Janaína Brás

Então o anjo disse-lhe: "Mulher, tua religião é selvagem, tua oração é o abismo."

NA CASA DOS DESEJOS SEM NOME


sobre o que não queremos falar?

quando o assunto mais essencial
ao pleno desejo de cada um
é impronunciável?

e por quê?

o medo
quando não dito
em que se
transforma?

e a paixão,
quem a conhece
que a sinta apenas
delícia e não também
crua e incisiva
como um abismo?

como a maior
intimidade possível
com o que se esconde
de si?

quem deseja tem feiura,
incongruências, decompassos.
em carne-viva.

quando se alimenta a paixão,
por cima do medo e da dúvida,
por cima do estar envergonhada
com o reflexo da própria vontade,
ela deixa de ser paixão?
ou ela encontra uma versão
mais velha de si mesma?

a vida precisa ser uma sequência
de espasmos-resposta ao outro?
ao que o outro provoca em mim?
e se meus olhos brilham de vida,
a minha, no sentido que a ela atribuo,
compartilhada com outros apaixonados,
ridículos, inquietos, perguntadores,
então não estou apaixonada também?

e se o outro se modifica todos os dias
e o desencanto é parte de permanecer encantada?
e se dentro de estar apaixonada também cabe
a minha voz de mulher do mundo?
a minha fuga e a minha casa.
estou aqui. não é um pedaço. é tudo.
e se movimenta.

na cidade caminhos se traçam sobre outros caminhos
e nos tropeços das ruas vão-se ficando as primeiras vontades
as ingênuas, as inconfessáveis, as mais abstratas

deitam-se, nas rachaduras, os elementos primeiros

com que se jardinam as paixões, o estar em constante estado de graça
como o que se quer e com o que se procura

o que de mais bruto nos incomoda e necessariamente também nos define

na mesa de bar da esquina, sempre tem quem fale mal da Dilma
ou do vizinho, do trambiqueiro do trabalho, da Gisele Bundchen

sempre tem quem esteja repetidamente aficcionado
pela casa do sem jeito, pelo arrebatamento,
pelo que um dia lhe cairá no colo. ou por quem foi embora cedo demais.

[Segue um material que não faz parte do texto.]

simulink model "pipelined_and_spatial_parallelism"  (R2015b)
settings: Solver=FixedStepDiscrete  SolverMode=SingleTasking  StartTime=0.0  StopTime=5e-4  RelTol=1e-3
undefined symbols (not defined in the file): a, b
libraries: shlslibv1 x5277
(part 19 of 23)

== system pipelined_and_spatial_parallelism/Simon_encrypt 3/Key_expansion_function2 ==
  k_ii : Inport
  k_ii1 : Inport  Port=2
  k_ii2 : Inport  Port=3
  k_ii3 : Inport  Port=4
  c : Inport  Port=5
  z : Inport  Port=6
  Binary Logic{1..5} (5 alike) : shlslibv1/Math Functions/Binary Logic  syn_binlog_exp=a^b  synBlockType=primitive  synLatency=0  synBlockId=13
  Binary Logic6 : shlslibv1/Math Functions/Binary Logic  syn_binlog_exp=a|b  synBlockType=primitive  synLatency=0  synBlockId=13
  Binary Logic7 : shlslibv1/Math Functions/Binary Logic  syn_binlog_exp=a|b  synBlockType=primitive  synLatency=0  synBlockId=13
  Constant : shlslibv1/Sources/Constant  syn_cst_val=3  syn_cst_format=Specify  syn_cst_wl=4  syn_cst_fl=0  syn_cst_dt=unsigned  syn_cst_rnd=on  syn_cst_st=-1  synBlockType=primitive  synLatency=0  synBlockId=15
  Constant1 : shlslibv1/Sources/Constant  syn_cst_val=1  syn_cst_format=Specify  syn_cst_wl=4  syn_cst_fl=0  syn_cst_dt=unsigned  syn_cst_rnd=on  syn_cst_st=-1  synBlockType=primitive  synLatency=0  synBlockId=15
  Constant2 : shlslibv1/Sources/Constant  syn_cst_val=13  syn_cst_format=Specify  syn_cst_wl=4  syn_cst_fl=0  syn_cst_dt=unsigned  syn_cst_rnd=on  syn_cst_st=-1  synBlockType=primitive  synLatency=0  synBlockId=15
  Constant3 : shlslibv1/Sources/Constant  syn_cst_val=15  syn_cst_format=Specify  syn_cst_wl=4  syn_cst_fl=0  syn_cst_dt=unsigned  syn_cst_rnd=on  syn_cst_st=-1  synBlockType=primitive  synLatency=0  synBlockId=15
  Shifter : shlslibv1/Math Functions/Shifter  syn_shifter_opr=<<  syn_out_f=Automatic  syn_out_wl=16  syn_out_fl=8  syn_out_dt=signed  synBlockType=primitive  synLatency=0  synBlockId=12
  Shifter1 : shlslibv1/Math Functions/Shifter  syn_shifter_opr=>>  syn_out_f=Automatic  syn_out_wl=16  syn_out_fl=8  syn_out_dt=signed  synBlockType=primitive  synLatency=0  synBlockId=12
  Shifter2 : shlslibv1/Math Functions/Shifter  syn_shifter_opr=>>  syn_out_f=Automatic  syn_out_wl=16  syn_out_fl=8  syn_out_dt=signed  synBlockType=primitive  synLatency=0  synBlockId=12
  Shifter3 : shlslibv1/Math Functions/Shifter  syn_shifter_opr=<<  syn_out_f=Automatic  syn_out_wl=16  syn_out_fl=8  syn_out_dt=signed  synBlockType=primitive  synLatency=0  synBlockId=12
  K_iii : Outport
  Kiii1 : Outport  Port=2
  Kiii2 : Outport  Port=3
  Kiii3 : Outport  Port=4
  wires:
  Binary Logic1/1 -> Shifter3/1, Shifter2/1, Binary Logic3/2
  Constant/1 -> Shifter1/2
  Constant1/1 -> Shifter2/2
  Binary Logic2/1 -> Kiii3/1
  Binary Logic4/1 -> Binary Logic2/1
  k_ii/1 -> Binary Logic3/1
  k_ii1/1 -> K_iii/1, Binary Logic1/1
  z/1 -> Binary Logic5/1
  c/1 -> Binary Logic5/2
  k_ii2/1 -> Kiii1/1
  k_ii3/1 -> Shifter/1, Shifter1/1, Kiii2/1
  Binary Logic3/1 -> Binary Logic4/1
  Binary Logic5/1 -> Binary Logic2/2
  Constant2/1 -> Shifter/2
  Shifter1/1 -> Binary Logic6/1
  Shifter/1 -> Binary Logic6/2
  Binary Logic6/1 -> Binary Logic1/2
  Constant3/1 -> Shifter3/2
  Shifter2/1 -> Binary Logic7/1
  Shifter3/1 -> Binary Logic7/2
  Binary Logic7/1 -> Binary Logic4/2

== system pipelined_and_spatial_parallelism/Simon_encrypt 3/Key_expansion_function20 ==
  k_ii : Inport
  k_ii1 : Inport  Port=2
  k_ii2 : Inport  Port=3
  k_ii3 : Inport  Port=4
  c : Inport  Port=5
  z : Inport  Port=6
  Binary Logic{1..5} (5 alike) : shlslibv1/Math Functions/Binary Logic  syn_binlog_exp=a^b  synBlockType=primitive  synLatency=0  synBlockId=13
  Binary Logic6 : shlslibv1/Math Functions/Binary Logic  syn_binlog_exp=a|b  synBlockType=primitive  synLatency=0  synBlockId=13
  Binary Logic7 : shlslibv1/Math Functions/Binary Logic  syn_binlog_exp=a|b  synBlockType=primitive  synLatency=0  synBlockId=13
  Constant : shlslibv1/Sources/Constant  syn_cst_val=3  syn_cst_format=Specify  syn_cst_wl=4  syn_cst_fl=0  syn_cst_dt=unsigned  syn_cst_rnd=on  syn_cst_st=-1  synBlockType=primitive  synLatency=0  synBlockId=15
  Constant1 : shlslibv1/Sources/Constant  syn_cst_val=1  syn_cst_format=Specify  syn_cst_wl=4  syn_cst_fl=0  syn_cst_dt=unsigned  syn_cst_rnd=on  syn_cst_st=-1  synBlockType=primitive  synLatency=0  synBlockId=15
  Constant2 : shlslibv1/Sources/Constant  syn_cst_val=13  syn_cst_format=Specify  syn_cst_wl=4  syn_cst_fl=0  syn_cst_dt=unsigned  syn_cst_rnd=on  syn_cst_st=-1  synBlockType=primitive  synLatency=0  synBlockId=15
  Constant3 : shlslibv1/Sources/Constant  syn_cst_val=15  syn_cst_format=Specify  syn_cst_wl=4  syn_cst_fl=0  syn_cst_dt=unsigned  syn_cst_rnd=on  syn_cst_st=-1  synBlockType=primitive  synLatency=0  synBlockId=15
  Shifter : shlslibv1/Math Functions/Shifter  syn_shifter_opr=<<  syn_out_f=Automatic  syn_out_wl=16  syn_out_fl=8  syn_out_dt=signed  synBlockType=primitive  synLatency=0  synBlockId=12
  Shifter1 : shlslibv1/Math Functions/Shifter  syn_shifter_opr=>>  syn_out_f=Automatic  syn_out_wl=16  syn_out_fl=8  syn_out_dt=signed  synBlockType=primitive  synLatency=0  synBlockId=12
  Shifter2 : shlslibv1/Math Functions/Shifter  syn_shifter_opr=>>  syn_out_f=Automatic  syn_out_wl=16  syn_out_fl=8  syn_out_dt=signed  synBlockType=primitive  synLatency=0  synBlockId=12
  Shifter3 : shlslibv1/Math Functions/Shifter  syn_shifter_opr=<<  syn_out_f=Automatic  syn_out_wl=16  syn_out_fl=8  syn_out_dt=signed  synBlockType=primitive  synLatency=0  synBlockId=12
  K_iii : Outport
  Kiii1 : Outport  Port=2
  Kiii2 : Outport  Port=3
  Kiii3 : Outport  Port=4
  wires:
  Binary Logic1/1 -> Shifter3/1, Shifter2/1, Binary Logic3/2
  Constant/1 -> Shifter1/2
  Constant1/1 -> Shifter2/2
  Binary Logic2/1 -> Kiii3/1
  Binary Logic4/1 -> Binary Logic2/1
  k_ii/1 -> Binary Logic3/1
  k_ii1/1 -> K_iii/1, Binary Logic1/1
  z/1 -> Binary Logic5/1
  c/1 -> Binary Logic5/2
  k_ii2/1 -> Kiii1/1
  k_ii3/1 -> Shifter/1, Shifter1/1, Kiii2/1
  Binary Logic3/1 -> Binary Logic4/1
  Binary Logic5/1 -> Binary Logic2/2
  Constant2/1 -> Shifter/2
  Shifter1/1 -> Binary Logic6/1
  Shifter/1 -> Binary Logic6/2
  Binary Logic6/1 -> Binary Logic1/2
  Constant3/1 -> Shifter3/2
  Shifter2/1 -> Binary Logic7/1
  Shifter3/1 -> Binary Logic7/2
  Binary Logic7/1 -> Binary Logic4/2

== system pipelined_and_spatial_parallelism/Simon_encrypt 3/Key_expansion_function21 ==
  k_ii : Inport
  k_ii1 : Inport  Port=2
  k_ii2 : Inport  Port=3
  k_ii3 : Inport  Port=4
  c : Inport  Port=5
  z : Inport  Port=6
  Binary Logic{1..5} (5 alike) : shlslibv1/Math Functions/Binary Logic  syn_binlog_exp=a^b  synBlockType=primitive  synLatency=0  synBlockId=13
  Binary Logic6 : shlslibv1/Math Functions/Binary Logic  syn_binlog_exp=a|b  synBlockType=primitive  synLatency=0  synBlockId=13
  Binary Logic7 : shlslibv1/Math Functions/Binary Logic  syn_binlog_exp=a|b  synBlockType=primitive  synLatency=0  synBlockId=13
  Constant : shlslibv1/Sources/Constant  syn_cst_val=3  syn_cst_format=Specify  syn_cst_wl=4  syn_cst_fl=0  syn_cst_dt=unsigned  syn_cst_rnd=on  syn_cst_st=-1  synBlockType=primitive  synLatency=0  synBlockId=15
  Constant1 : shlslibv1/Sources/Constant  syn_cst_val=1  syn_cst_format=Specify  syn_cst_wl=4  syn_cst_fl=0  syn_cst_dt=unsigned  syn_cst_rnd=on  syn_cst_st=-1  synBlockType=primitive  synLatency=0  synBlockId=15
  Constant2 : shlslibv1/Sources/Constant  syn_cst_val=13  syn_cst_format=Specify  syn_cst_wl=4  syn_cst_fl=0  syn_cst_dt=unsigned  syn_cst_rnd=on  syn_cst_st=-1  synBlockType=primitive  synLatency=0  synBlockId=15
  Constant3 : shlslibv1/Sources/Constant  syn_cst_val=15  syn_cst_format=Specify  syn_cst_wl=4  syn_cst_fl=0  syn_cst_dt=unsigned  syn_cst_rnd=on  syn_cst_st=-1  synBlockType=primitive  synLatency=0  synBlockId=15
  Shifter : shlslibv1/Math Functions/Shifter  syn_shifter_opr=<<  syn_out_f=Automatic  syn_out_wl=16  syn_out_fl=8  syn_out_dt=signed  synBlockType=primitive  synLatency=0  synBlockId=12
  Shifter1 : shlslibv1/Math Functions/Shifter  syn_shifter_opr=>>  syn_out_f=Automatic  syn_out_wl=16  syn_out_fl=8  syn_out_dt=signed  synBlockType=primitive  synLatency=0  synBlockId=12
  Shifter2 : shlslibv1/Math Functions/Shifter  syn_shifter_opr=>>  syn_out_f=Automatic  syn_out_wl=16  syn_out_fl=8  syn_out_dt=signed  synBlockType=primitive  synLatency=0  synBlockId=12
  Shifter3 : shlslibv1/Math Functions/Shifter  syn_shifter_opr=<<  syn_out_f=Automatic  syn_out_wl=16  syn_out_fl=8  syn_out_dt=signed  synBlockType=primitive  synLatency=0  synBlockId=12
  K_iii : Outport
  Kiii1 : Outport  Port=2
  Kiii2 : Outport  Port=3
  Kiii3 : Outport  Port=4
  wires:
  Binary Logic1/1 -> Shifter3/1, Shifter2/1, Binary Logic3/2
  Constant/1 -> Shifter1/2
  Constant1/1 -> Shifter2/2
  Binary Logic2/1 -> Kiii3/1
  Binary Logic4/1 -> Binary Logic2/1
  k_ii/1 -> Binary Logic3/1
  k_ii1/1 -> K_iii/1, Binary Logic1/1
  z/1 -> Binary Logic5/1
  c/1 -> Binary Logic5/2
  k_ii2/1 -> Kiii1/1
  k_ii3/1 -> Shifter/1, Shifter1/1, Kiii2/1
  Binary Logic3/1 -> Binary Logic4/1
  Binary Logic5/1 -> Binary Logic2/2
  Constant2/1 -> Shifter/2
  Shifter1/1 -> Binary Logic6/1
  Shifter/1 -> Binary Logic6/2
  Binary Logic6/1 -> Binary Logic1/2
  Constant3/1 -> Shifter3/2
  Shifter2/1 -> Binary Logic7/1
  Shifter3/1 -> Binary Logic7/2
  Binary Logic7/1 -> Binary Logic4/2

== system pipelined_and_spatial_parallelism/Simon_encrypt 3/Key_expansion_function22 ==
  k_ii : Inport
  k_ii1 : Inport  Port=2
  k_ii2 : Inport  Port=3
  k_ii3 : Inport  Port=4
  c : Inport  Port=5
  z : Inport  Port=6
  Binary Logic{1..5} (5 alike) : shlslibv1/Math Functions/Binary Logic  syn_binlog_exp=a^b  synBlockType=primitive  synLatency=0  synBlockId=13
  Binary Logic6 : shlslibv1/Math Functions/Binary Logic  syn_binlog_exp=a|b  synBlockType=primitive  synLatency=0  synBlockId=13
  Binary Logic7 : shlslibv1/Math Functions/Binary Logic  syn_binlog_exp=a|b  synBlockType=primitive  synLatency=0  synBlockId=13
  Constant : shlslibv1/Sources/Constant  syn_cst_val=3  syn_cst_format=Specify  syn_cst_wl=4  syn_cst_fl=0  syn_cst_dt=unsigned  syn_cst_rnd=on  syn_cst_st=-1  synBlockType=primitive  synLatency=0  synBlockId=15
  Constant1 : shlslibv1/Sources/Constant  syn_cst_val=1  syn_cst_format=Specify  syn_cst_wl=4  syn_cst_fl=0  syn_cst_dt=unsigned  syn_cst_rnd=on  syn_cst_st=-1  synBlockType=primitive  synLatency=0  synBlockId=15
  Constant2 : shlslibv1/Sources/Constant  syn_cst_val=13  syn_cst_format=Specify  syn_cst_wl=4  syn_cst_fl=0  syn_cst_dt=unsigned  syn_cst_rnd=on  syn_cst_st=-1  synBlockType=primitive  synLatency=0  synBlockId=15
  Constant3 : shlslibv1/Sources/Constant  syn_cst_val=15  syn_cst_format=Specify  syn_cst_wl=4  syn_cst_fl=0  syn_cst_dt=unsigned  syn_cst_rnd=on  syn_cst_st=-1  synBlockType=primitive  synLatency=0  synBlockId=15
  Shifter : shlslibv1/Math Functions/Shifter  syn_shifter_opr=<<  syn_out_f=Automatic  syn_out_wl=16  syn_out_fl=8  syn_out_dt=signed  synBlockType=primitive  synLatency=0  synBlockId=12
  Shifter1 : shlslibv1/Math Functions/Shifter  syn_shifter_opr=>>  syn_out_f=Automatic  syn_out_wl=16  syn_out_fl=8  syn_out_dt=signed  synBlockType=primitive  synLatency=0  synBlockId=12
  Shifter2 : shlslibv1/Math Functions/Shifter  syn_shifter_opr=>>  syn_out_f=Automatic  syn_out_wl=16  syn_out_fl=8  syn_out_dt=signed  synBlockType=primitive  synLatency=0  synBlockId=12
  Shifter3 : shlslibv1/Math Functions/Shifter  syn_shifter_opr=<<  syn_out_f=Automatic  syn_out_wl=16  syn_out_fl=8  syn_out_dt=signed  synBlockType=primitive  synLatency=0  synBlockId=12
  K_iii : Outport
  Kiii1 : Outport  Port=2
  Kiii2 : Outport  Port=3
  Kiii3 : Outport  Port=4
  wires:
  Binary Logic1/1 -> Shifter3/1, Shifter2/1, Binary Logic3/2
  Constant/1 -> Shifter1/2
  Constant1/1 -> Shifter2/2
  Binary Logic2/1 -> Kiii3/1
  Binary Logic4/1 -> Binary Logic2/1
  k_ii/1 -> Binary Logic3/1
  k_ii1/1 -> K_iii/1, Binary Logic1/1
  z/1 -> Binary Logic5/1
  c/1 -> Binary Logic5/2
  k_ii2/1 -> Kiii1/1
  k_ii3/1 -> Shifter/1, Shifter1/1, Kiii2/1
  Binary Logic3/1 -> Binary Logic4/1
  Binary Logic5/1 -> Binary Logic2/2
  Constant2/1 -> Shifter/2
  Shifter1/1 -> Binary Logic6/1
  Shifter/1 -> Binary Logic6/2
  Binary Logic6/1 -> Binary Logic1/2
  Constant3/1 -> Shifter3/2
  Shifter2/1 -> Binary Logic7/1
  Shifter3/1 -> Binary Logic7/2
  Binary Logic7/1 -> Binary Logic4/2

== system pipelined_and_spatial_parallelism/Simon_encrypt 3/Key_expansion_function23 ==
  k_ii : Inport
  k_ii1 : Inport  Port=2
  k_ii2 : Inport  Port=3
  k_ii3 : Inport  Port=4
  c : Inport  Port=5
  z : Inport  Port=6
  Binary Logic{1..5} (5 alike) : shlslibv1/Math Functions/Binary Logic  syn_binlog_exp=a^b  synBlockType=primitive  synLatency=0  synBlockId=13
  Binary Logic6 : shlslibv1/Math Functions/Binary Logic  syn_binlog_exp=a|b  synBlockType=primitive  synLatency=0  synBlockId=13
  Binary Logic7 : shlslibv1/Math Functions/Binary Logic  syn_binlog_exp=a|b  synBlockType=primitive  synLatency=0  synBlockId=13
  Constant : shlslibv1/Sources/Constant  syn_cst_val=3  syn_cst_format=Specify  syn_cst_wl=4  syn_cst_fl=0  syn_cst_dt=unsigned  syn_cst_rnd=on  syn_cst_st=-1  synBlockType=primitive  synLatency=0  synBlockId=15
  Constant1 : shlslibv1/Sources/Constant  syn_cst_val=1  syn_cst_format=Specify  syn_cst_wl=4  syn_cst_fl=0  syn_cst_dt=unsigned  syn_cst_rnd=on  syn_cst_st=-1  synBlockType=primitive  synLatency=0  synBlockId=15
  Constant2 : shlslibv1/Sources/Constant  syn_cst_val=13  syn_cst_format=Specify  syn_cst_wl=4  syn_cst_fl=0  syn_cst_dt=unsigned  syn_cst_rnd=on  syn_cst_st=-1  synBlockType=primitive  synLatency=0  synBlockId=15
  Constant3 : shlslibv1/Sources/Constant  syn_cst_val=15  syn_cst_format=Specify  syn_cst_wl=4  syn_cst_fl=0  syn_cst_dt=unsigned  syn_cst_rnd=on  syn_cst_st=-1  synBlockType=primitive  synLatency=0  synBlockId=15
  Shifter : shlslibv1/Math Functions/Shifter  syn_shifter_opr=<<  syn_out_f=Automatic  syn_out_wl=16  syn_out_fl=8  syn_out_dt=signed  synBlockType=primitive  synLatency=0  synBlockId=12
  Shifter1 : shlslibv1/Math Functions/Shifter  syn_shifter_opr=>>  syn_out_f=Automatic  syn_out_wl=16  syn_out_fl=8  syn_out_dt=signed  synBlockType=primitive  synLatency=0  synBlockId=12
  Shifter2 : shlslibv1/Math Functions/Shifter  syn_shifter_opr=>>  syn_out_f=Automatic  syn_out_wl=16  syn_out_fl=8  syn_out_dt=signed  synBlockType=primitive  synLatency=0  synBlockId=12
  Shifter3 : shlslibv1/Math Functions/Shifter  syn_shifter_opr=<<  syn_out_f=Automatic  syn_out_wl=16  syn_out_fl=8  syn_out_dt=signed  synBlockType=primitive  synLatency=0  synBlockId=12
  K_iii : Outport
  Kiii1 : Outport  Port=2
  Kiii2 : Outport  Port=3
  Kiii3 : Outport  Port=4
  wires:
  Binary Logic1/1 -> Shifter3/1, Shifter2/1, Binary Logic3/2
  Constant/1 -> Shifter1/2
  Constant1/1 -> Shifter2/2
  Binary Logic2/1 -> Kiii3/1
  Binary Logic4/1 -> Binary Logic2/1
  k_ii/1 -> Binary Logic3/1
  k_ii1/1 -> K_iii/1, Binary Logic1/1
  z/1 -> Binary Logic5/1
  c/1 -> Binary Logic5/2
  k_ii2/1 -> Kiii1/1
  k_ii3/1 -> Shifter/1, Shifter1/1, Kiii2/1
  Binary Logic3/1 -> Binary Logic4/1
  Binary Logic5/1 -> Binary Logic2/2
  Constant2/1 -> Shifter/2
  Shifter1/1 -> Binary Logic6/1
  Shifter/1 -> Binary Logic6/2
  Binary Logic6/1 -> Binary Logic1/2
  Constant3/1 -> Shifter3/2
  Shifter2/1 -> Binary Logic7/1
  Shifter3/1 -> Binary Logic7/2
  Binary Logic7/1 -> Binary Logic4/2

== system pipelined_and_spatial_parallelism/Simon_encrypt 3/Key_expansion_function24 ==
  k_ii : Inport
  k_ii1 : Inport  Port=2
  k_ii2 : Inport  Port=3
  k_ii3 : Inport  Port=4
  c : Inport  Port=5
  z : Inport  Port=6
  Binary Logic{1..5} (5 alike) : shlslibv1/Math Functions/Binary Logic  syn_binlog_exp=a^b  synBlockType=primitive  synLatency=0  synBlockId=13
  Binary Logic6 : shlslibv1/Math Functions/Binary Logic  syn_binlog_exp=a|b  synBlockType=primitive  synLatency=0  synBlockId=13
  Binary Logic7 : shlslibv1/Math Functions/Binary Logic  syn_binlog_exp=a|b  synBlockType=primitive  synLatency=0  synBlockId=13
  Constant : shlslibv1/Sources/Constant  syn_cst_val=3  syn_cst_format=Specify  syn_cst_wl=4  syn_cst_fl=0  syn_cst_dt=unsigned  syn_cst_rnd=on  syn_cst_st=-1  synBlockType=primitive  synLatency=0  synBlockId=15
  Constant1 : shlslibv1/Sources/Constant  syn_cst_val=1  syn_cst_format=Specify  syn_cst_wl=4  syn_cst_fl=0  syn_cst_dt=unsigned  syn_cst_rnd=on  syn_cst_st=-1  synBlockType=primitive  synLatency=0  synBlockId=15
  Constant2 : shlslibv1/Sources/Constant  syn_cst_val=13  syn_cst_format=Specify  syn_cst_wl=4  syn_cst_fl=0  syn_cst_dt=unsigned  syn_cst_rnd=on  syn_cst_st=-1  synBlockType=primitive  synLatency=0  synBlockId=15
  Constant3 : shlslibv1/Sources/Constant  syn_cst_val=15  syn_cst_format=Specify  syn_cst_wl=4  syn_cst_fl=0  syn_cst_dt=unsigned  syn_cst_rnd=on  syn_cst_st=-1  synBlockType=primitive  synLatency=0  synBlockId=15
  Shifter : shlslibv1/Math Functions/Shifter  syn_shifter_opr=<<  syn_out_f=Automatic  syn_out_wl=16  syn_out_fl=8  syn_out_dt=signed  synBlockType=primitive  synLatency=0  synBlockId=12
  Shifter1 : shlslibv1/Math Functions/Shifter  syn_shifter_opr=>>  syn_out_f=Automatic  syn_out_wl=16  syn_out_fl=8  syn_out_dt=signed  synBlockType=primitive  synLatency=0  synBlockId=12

você não está sempre falando de você, da sua tara,
mesmo que a conversa seja sobre o Corinthians?

eu sento à mesa sobre a calçada
peço o caldo de ervilha requentado
e a cidade se me passa pelos olhos
como uma caravana de mascarados

a mim me interessa a crueza.
o relaxamento de quem interage,
sem subterfúgios nem pesos,
com os próprios medo e desejo,
e com o medo e o desejo do outro

na rua, por sobre onde paira o tempo,
a cacofonia cotidiana das pessoas
quer aparentar a leveza que a
própria Babel estilhaça

perdem-se bondes diários de sutileza
e atribui-se à essência das coisas
a característica de um despropósito,
por não a suportar encarar

falemos de outra coisa, sim?

mas sobre o que você tanto fala,
que eu não consigo entender?
e sobre o que tanto falo eu,
que de tantas perguntas
não chego à certeza de nada?

estou calma,
o mundo é o caos,
toda ordem é criação.
estou calma,
não preciso negar os labirintos
para me conhecer e seguir.
estou calma,
as respostas estão aqui dentro
não no barulho das ruas.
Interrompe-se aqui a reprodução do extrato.